[Task input]

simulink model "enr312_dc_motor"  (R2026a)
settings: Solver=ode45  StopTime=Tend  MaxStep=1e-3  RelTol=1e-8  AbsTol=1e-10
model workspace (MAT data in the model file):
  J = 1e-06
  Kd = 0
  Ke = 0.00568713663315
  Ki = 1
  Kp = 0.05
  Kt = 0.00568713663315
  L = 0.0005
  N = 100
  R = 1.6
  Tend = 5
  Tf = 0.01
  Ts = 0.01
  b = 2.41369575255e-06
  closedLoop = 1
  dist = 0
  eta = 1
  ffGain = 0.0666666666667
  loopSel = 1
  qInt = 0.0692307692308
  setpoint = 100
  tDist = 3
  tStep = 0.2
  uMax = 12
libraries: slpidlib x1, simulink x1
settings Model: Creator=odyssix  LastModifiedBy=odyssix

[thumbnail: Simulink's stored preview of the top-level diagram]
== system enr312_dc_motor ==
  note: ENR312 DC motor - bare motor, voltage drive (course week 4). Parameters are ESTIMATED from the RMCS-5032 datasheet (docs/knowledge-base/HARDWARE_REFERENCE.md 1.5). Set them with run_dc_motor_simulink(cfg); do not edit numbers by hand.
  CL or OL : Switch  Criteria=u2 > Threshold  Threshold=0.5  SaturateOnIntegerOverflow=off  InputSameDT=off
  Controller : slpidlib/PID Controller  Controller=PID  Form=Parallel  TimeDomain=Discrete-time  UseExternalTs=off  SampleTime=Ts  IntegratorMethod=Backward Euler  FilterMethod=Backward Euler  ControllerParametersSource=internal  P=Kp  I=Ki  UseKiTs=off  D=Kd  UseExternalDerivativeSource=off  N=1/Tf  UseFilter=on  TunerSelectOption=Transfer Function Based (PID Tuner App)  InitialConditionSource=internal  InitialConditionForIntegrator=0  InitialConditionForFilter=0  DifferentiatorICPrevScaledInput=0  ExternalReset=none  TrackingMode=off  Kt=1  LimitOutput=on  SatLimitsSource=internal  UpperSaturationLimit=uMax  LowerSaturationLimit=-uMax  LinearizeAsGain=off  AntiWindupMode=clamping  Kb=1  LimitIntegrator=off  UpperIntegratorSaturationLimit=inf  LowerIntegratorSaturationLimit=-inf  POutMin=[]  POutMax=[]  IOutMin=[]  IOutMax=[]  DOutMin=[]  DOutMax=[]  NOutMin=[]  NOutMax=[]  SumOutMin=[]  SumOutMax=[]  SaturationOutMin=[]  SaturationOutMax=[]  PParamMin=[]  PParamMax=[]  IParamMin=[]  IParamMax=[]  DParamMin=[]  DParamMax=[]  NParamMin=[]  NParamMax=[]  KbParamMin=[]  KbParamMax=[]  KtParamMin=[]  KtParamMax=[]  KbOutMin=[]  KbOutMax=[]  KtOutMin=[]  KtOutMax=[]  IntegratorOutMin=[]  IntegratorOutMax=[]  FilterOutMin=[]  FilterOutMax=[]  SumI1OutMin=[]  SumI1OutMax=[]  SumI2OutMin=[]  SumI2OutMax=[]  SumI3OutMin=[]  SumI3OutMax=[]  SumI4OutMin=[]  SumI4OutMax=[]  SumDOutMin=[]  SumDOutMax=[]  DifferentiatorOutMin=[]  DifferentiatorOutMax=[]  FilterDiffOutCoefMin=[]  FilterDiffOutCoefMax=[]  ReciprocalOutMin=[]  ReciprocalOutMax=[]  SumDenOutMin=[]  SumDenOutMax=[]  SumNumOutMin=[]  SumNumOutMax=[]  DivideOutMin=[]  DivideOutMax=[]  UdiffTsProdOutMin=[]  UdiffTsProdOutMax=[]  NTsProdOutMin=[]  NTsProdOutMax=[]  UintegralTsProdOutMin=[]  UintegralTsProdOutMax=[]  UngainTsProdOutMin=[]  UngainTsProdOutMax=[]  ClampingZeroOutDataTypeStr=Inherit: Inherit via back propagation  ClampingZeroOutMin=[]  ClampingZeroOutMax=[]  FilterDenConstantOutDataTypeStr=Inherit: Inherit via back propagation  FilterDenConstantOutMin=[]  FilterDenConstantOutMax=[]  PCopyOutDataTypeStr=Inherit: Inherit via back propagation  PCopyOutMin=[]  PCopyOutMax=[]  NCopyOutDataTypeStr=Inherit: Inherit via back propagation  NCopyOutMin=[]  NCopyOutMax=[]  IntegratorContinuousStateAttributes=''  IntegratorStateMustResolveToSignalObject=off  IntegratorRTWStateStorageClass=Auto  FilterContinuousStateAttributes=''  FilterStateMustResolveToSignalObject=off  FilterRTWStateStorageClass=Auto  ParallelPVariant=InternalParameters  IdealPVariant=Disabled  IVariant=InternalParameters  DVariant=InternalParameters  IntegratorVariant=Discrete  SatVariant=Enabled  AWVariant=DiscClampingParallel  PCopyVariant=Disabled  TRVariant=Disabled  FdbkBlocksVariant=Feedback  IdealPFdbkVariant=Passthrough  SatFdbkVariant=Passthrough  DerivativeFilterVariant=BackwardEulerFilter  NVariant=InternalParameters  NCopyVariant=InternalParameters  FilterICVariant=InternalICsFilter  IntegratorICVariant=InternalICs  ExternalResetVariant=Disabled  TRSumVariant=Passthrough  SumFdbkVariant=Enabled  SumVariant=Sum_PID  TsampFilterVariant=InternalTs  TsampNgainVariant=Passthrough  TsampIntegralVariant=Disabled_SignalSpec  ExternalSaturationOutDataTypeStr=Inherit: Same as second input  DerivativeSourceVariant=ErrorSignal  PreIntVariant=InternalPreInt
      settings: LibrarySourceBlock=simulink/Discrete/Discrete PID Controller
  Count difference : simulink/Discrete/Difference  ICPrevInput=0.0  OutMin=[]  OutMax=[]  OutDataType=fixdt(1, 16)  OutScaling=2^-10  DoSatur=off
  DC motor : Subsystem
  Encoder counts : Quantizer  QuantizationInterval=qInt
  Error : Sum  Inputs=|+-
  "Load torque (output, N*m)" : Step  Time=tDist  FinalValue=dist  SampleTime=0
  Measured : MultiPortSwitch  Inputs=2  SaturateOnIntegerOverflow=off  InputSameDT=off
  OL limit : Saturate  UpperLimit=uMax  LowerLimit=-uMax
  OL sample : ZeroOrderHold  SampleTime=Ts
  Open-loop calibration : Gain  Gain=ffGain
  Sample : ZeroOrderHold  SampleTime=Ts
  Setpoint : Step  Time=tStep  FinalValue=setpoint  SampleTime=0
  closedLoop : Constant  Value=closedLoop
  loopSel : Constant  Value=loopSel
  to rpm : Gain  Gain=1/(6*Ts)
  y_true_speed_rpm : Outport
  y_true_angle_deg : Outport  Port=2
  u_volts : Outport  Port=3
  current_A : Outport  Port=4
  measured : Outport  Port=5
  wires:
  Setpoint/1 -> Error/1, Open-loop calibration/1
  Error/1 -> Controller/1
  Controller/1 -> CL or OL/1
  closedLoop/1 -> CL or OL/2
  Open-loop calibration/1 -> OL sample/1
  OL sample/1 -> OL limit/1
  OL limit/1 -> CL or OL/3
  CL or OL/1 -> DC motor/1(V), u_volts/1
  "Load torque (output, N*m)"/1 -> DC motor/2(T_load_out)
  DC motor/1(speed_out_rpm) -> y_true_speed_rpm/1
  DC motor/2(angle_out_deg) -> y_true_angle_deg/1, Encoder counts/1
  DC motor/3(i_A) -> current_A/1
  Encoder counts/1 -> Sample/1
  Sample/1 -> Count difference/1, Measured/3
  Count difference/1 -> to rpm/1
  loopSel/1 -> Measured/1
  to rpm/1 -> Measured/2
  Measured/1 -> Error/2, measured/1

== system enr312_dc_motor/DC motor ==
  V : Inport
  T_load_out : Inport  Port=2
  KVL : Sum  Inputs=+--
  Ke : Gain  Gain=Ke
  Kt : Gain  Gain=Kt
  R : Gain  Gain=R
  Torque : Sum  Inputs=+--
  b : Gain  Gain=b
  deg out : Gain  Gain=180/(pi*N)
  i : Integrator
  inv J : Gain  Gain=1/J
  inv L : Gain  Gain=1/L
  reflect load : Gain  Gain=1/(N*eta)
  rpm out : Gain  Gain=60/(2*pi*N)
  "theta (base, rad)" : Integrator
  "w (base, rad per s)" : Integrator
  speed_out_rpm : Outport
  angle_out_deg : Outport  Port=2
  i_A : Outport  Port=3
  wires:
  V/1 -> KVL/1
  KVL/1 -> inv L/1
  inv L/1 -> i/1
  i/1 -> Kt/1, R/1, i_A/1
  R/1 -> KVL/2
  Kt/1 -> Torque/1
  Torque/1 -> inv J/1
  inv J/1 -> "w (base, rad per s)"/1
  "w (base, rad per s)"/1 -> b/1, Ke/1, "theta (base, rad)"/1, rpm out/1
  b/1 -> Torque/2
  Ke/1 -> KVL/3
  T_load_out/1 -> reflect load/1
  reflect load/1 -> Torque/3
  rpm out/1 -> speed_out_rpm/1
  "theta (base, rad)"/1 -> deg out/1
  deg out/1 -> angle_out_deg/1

[/Task input]

Look through the entries. Copy out each line with "ffGain" in it.

● **Response to this exercise**:
  ffGain = 0.0666666666667
  Open-loop calibration : Gain  Gain=ffGain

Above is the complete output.